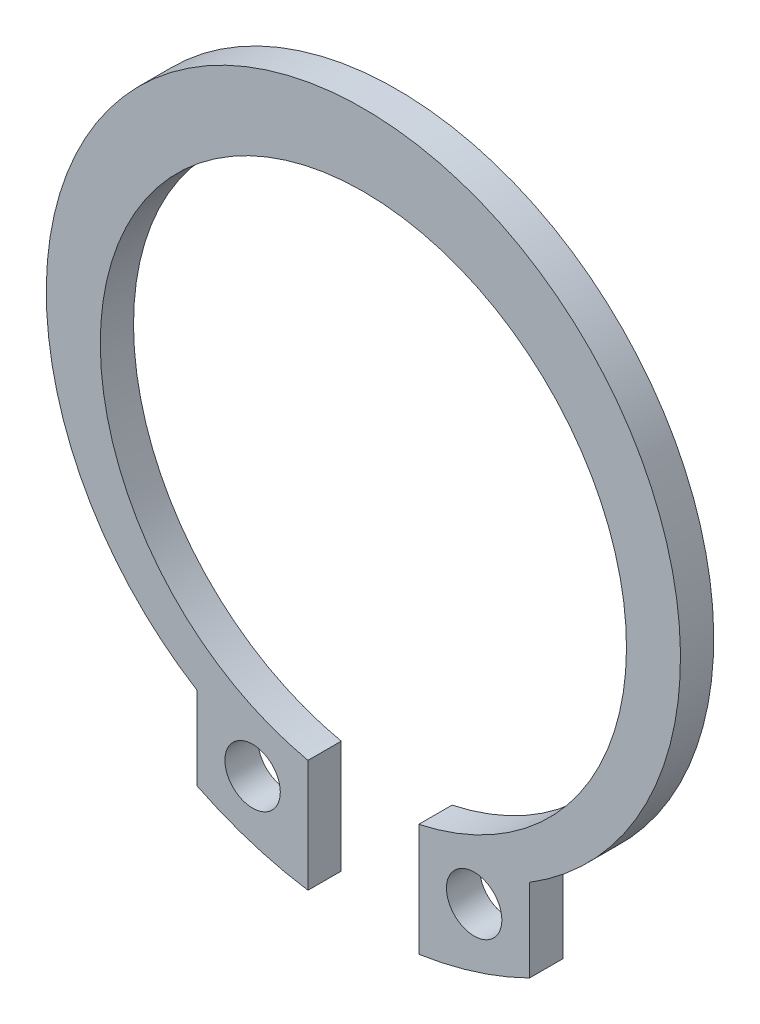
from build123d import *

# Parameters (mm, degrees)
SKETCH1_R           = 1
BOSS_EXTRUDE1_DEPTH = 1.2


with BuildPart() as part:
    # Sketch1 → Boss-Extrude1 (new body)
    with BuildSketch(Plane.XY):
        with BuildLine():
            Line((2, -9.287087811), (2, -13.351029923))
            ThreePointArc((2, -13.351029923), (4.04912542, -12.878454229), (6, -12.093386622))
            Line((6, -12.093386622), (6, -9.102051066))
            ThreePointArc((6, -9.102051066), (0, 12.1), (-6, -9.102051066))
            Line((-6, -9.102051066), (-6, -12.093386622))
            ThreePointArc((-6, -12.093386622), (-4.04912542, -12.878454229), (-2, -13.351029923))
            Line((-2, -13.351029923), (-2, -9.287087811))
            ThreePointArc((-2, -9.287087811), (0, 9.5), (2, -9.287087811))
        make_face()
        with Locations((-4, -10.781929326)):
            Circle(SKETCH1_R, mode=Mode.SUBTRACT)
        with Locations((4, -10.781929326)):
            Circle(SKETCH1_R, mode=Mode.SUBTRACT)
    extrude(amount=BOSS_EXTRUDE1_DEPTH)


solid = part.part
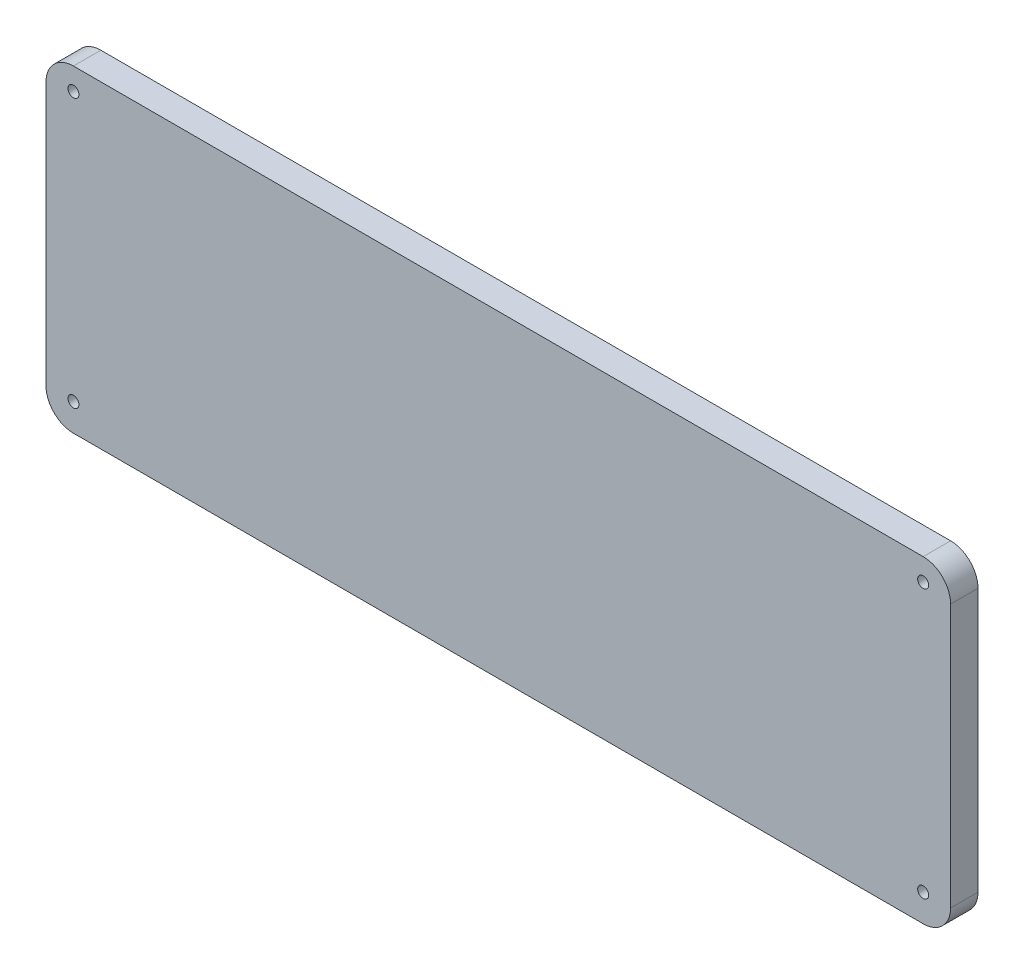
ISO-10303-21;
HEADER;
FILE_DESCRIPTION(('STEP AP214'),'2;1');
FILE_NAME('part.step','',(''),(''),'','','');
FILE_SCHEMA(('AUTOMOTIVE_DESIGN { 1 0 10303 214 1 1 1 1 }'));
ENDSEC;
DATA;
#1=APPLICATION_CONTEXT('core data for automotive mechanical design processes');
#2=APPLICATION_PROTOCOL_DEFINITION('international standard','automotive_design',2000,#1);
#3=PRODUCT_CONTEXT('',#1,'mechanical');
#4=PRODUCT('Part','Part','',(#3));
#5=PRODUCT_RELATED_PRODUCT_CATEGORY('part','',(#4));
#6=PRODUCT_DEFINITION_FORMATION('','',#4);
#7=PRODUCT_DEFINITION_CONTEXT('part definition',#1,'design');
#8=PRODUCT_DEFINITION('design','',#6,#7);
#9=PRODUCT_DEFINITION_SHAPE('','',#8);
#10=(LENGTH_UNIT() NAMED_UNIT(*) SI_UNIT(.MILLI.,.METRE.));
#11=(NAMED_UNIT(*) PLANE_ANGLE_UNIT() SI_UNIT($,.RADIAN.));
#12=(NAMED_UNIT(*) SI_UNIT($,.STERADIAN.) SOLID_ANGLE_UNIT());
#13=UNCERTAINTY_MEASURE_WITH_UNIT(LENGTH_MEASURE(1.E-05),#10,'distance_accuracy_value','');
#14=(GEOMETRIC_REPRESENTATION_CONTEXT(3) GLOBAL_UNCERTAINTY_ASSIGNED_CONTEXT((#13)) GLOBAL_UNIT_ASSIGNED_CONTEXT((#10,
#11,#12)) REPRESENTATION_CONTEXT('',''));
#15=CARTESIAN_POINT('',(0.,0.,0.));
#16=DIRECTION('',(0.,0.,1.));
#17=DIRECTION('',(1.,0.,0.));
#18=AXIS2_PLACEMENT_3D('',#15,#16,#17);
#19=CARTESIAN_POINT('',(165.,-58.,10.));
#20=DIRECTION('',(-1.,0.,0.));
#21=DIRECTION('',(0.,0.,1.));
#22=AXIS2_PLACEMENT_3D('',#19,#20,#21);
#23=PLANE('',#22);
#24=DIRECTION('',(0.,1.,0.));
#25=VECTOR('',#24,1.);
#26=CARTESIAN_POINT('',(165.,-58.,0.));
#27=LINE('',#26,#25);
#28=CARTESIAN_POINT('',(165.,-48.,0.));
#29=VERTEX_POINT('',#28);
#30=CARTESIAN_POINT('',(165.,48.,0.));
#31=VERTEX_POINT('',#30);
#32=EDGE_CURVE('E128',#29,#31,#27,.T.);
#33=ORIENTED_EDGE('',*,*,#32,.T.);
#34=DIRECTION('',(0.,0.,-1.));
#35=VECTOR('',#34,1.);
#36=CARTESIAN_POINT('',(165.,48.,10.));
#37=LINE('',#36,#35);
#38=CARTESIAN_POINT('',(165.,48.,10.));
#39=VERTEX_POINT('',#38);
#40=EDGE_CURVE('E106',#31,#39,#37,.F.);
#41=ORIENTED_EDGE('',*,*,#40,.T.);
#42=DIRECTION('',(0.,1.,0.));
#43=VECTOR('',#42,1.);
#44=CARTESIAN_POINT('',(165.,-58.,10.));
#45=LINE('',#44,#43);
#46=CARTESIAN_POINT('',(165.,-48.,10.));
#47=VERTEX_POINT('',#46);
#48=EDGE_CURVE('E138',#47,#39,#45,.T.);
#49=ORIENTED_EDGE('',*,*,#48,.F.);
#50=DIRECTION('',(0.,0.,-1.));
#51=VECTOR('',#50,1.);
#52=CARTESIAN_POINT('',(165.,-48.,10.));
#53=LINE('',#52,#51);
#54=EDGE_CURVE('E111',#47,#29,#53,.T.);
#55=ORIENTED_EDGE('',*,*,#54,.T.);
#56=EDGE_LOOP('',(#33,#41,#49,#55));
#57=FACE_BOUND('',#56,.T.);
#58=ADVANCED_FACE('F35',(#57),#23,.F.);
#59=CARTESIAN_POINT('',(-165.,58.,10.));
#60=DIRECTION('',(0.,-1.,0.));
#61=DIRECTION('',(0.,0.,-1.));
#62=AXIS2_PLACEMENT_3D('',#59,#60,#61);
#63=PLANE('',#62);
#64=DIRECTION('',(-1.,0.,0.));
#65=VECTOR('',#64,1.);
#66=CARTESIAN_POINT('',(-165.,58.,10.));
#67=LINE('',#66,#65);
#68=CARTESIAN_POINT('',(155.,58.,10.));
#69=VERTEX_POINT('',#68);
#70=CARTESIAN_POINT('',(-155.,58.,10.));
#71=VERTEX_POINT('',#70);
#72=EDGE_CURVE('E121',#69,#71,#67,.T.);
#73=ORIENTED_EDGE('',*,*,#72,.F.);
#74=DIRECTION('',(0.,0.,-1.));
#75=VECTOR('',#74,1.);
#76=CARTESIAN_POINT('',(155.,58.,10.));
#77=LINE('',#76,#75);
#78=CARTESIAN_POINT('',(155.,58.,0.));
#79=VERTEX_POINT('',#78);
#80=EDGE_CURVE('E105',#69,#79,#77,.T.);
#81=ORIENTED_EDGE('',*,*,#80,.T.);
#82=DIRECTION('',(-1.,0.,0.));
#83=VECTOR('',#82,1.);
#84=CARTESIAN_POINT('',(-165.,58.,0.));
#85=LINE('',#84,#83);
#86=CARTESIAN_POINT('',(-155.,58.,0.));
#87=VERTEX_POINT('',#86);
#88=EDGE_CURVE('E118',#79,#87,#85,.T.);
#89=ORIENTED_EDGE('',*,*,#88,.T.);
#90=DIRECTION('',(0.,0.,-1.));
#91=VECTOR('',#90,1.);
#92=CARTESIAN_POINT('',(-155.,58.,10.));
#93=LINE('',#92,#91);
#94=EDGE_CURVE('E123',#87,#71,#93,.F.);
#95=ORIENTED_EDGE('',*,*,#94,.T.);
#96=EDGE_LOOP('',(#73,#81,#89,#95));
#97=FACE_BOUND('',#96,.T.);
#98=ADVANCED_FACE('F117',(#97),#63,.F.);
#99=CARTESIAN_POINT('',(-165.,-58.,10.));
#100=DIRECTION('',(1.,0.,0.));
#101=DIRECTION('',(0.,0.,-1.));
#102=AXIS2_PLACEMENT_3D('',#99,#100,#101);
#103=PLANE('',#102);
#104=DIRECTION('',(0.,-1.,0.));
#105=VECTOR('',#104,1.);
#106=CARTESIAN_POINT('',(-165.,-58.,0.));
#107=LINE('',#106,#105);
#108=CARTESIAN_POINT('',(-165.,48.,0.));
#109=VERTEX_POINT('',#108);
#110=CARTESIAN_POINT('',(-165.,-48.,0.));
#111=VERTEX_POINT('',#110);
#112=EDGE_CURVE('E127',#109,#111,#107,.T.);
#113=ORIENTED_EDGE('',*,*,#112,.T.);
#114=DIRECTION('',(0.,0.,-1.));
#115=VECTOR('',#114,1.);
#116=CARTESIAN_POINT('',(-165.,-48.,10.));
#117=LINE('',#116,#115);
#118=CARTESIAN_POINT('',(-165.,-48.,10.));
#119=VERTEX_POINT('',#118);
#120=EDGE_CURVE('E11',#111,#119,#117,.F.);
#121=ORIENTED_EDGE('',*,*,#120,.T.);
#122=DIRECTION('',(0.,-1.,0.));
#123=VECTOR('',#122,1.);
#124=CARTESIAN_POINT('',(-165.,-58.,10.));
#125=LINE('',#124,#123);
#126=CARTESIAN_POINT('',(-165.,48.,10.));
#127=VERTEX_POINT('',#126);
#128=EDGE_CURVE('E164',#127,#119,#125,.T.);
#129=ORIENTED_EDGE('',*,*,#128,.F.);
#130=DIRECTION('',(0.,0.,-1.));
#131=VECTOR('',#130,1.);
#132=CARTESIAN_POINT('',(-165.,48.,10.));
#133=LINE('',#132,#131);
#134=EDGE_CURVE('E43',#127,#109,#133,.T.);
#135=ORIENTED_EDGE('',*,*,#134,.T.);
#136=EDGE_LOOP('',(#113,#121,#129,#135));
#137=FACE_BOUND('',#136,.T.);
#138=ADVANCED_FACE('F162',(#137),#103,.F.);
#139=CARTESIAN_POINT('',(-165.,-58.,10.));
#140=DIRECTION('',(0.,1.,0.));
#141=DIRECTION('',(0.,0.,1.));
#142=AXIS2_PLACEMENT_3D('',#139,#140,#141);
#143=PLANE('',#142);
#144=DIRECTION('',(1.,0.,0.));
#145=VECTOR('',#144,1.);
#146=CARTESIAN_POINT('',(-165.,-58.,0.));
#147=LINE('',#146,#145);
#148=CARTESIAN_POINT('',(-155.,-58.,0.));
#149=VERTEX_POINT('',#148);
#150=CARTESIAN_POINT('',(155.,-58.,0.));
#151=VERTEX_POINT('',#150);
#152=EDGE_CURVE('E131',#149,#151,#147,.T.);
#153=ORIENTED_EDGE('',*,*,#152,.T.);
#154=DIRECTION('',(0.,0.,-1.));
#155=VECTOR('',#154,1.);
#156=CARTESIAN_POINT('',(155.,-58.,10.));
#157=LINE('',#156,#155);
#158=CARTESIAN_POINT('',(155.,-58.,10.));
#159=VERTEX_POINT('',#158);
#160=EDGE_CURVE('E50',#151,#159,#157,.F.);
#161=ORIENTED_EDGE('',*,*,#160,.T.);
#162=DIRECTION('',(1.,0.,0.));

Instructions for the task>
In the records above, retype exactly the lines from the one with "#160=EDGE_CURVE('E50',#151,#159,#157,.F.);" through the last one.

Exercise answer>
#160=EDGE_CURVE('E50',#151,#159,#157,.F.);
#161=ORIENTED_EDGE('',*,*,#160,.T.);
#162=DIRECTION('',(1.,0.,0.));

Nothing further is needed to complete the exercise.